In the records below, find every line with the word "blocks" and copy it.

───── RECORD SET ─────

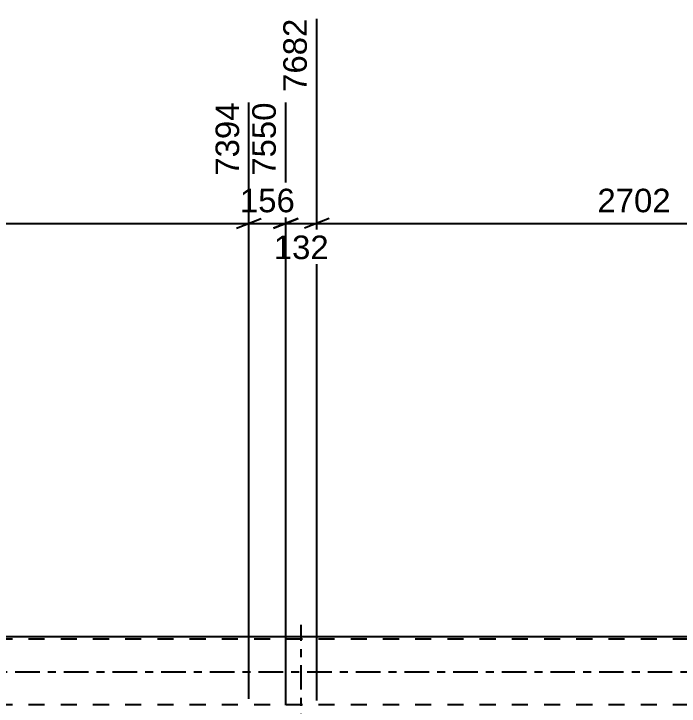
# Model space of a CAD drawing. Header units: millimetres. Extents: x -82 to 1107, y -546 to 295.
# Drawn here: x 160.7 to 241.7, y -4.2 to 80.1 of the extents above; entities that cross this region are included whole.
import ezdxf

# ---------------------------------------------------------------- set-up
doc = ezdxf.new("R2010")
doc.units = ezdxf.units.MM
doc.linetypes.add('DXK_LINE_DOT2', pattern=[3.9198, 1.9599, -1.9599])
doc.linetypes.add('DXK_LINE_DOT3', pattern=[5.9187, 2.979, -0.9799, 0.9799, -0.9799])
doc.styles.add('Arial', font='ARIAL.TTF', dxfattribs={"height": 0.2})

# ---------------------------------------------------------------- blocks, each defined once
blk = doc.blocks.new('Part-761553693-1481 - 1360')
at = {"color": 7, "linetype": 'DXK_LINE_DOT3'}
blk.add_line((195.7, -96.857), (195.7, 5.714), dxfattribs=at)
blk = doc.blocks.new('Part-761553693-1681 - 1360')
at = {"color": 2, "linetype": 'Continuous'}
blk.add_line((279.985, 4.286), (111.414, 4.286), dxfattribs=at)
at = {"color": 7, "linetype": 'DXK_LINE_DOT2'}
for p, q in [((681.897, 4), (12.957, 4)), ((681.897, -4), (12.957, -4))]:
    blk.add_line(p, q, dxfattribs=at)
at = {"color": 7, "linetype": 'DXK_LINE_DOT3'}
blk.add_line((12.957, 0), (681.897, 0), dxfattribs=at)
blk = doc.blocks.new('StraightDimension-761553693-20331 - 1360')
at = {"color": 7, "linetype": 'Continuous'}
for p, q in [((197.586, -3.464), (197.586, 79.474)), ((274.787, -3.286), (274.787, 71.498)), ((199.086, 55.18), (196.086, 53.98)), ((273.287, 53.98), (276.287, 55.18)), ((197.586, 54.58), (274.787, 54.58))]:
    blk.add_line(p, q, dxfattribs=at)
at = {"color": 0, "linetype": 'Continuous'}
blk.add_wipeout([(274.187, 72.098), (269.987, 72.098), (269.987, 59.78), (274.187, 59.78)], dxfattribs=at)
at = {"color": 0}
blk.add_wipeout([(241.234, 55.33), (241.234, 59.53), (231.139, 59.53), (231.139, 55.33)], dxfattribs=at)
at = {"color": 3, "linetype": 'Continuous', "style": 'Arial'}
blk.add_text('10384', height=2.8652, rotation=90.00021, dxfattribs=at).set_placement((273.587, 60.38))
at = {"color": 3, "style": 'Arial'}
blk.add_text('2702', height=2.8652, dxfattribs=at).set_placement((231.739, 55.93))
blk = doc.blocks.new('StraightDimension-761553693-20332 - 1360')
at = {"color": 7, "linetype": 'Continuous'}
for p, q in [((197.586, -3.464), (197.586, 79.474)), ((193.814, -4.049), (193.814, 69.274)), ((192.314, 53.98), (195.314, 55.18)), ((199.086, 55.18), (196.086, 53.98)), ((193.814, 54.58), (197.586, 54.58))]:
    blk.add_line(p, q, dxfattribs=at)
at = {"color": 0, "linetype": 'Continuous'}
blk.add_wipeout([(196.986, 80.074), (192.786, 80.074), (192.786, 69.98), (196.986, 69.98)], dxfattribs=at)
at = {"color": 3, "linetype": 'Continuous', "style": 'Arial'}
blk.add_text('7682', height=2.8652, rotation=90.00021, dxfattribs=at).set_placement((196.386, 70.58))
at = {"color": 0}
blk.add_wipeout([(199.636, 49.63), (199.636, 53.83), (191.765, 53.83), (191.765, 49.63)], dxfattribs=at)
at = {"color": 3, "style": 'Arial'}
blk.add_text('132', height=2.8652, dxfattribs=at).set_placement((192.365, 50.23))
blk = doc.blocks.new('StraightDimension-761553693-20333 - 1360')
at = {"color": 7, "linetype": 'Continuous'}
for p, q in [((189.349, -3.286), (189.349, 69.274)), ((193.814, -4.049), (193.814, 69.274)), ((187.849, 53.98), (190.849, 55.18)), ((195.314, 55.18), (192.314, 53.98)), ((189.349, 54.58), (193.814, 54.58))]:
    blk.add_line(p, q, dxfattribs=at)
at = {"color": 0}
blk.add_wipeout([(195.517, 55.33), (195.517, 59.53), (187.646, 59.53), (187.646, 55.33)], dxfattribs=at)
at = {"color": 3, "style": 'Arial'}
blk.add_text('156', height=2.8652, dxfattribs=at).set_placement((188.246, 55.93))
at = {"color": 0, "linetype": 'Continuous'}
blk.add_wipeout([(193.214, 69.874), (189.014, 69.874), (189.014, 59.78), (193.214, 59.78)], dxfattribs=at)
at = {"color": 3, "linetype": 'Continuous', "style": 'Arial'}
blk.add_text('7550', height=2.8652, rotation=90.00021, dxfattribs=at).set_placement((192.614, 60.38))
blk = doc.blocks.new('StraightDimension-761553693-20334 - 1360')
at = {"color": 7, "linetype": 'Continuous'}
for p, q in [((111.872, -3.758), (111.872, 79.474)), ((189.349, -3.286), (189.349, 69.274)), ((113.372, 55.18), (110.372, 53.98)), ((187.849, 53.98), (190.849, 55.18)), ((111.872, 54.58), (189.349, 54.58))]:
    blk.add_line(p, q, dxfattribs=at)
at = {"color": 0, "linetype": 'Continuous'}
blk.add_wipeout([(188.749, 69.874), (184.549, 69.874), (184.549, 59.78), (188.749, 59.78)], dxfattribs=at)
at = {"color": 0}
blk.add_wipeout([(155.658, 55.33), (155.658, 59.53), (145.563, 59.53), (145.563, 55.33)], dxfattribs=at)
at = {"color": 3, "linetype": 'Continuous', "style": 'Arial'}
blk.add_text('7394', height=2.8652, rotation=90.00021, dxfattribs=at).set_placement((188.149, 60.38))
at = {"color": 3, "style": 'Arial'}
blk.add_text('2712', height=2.8652, dxfattribs=at).set_placement((146.163, 55.93))

msp = doc.modelspace()

# ---------------------------------------------------------------- block references
for name in ['Part-761553693-1481 - 1360', 'Part-761553693-1681 - 1360']:
    msp.add_blockref(name, (0, 0))

# ---------------------------------------------------------------- next in the draw order: block references
msp.add_blockref('StraightDimension-761553693-20331 - 1360', (0, 0))

# ---------------------------------------------------------------- next in the draw order: block references
msp.add_blockref('StraightDimension-761553693-20332 - 1360', (0, 0))

# ---------------------------------------------------------------- next in the draw order: block references
msp.add_blockref('StraightDimension-761553693-20333 - 1360', (0, 0))

# ---------------------------------------------------------------- next in the draw order: block references
msp.add_blockref('StraightDimension-761553693-20334 - 1360', (0, 0))

doc.saveas('drawing.dxf')

─────

## PROBLEM SOLUTION
# ---------------------------------------------------------------- blocks, each defined once
blk = doc.blocks.new('Part-761553693-1481 - 1360')
blk = doc.blocks.new('Part-761553693-1681 - 1360')
blk = doc.blocks.new('StraightDimension-761553693-20331 - 1360')
blk = doc.blocks.new('StraightDimension-761553693-20332 - 1360')
blk = doc.blocks.new('StraightDimension-761553693-20333 - 1360')
blk = doc.blocks.new('StraightDimension-761553693-20334 - 1360')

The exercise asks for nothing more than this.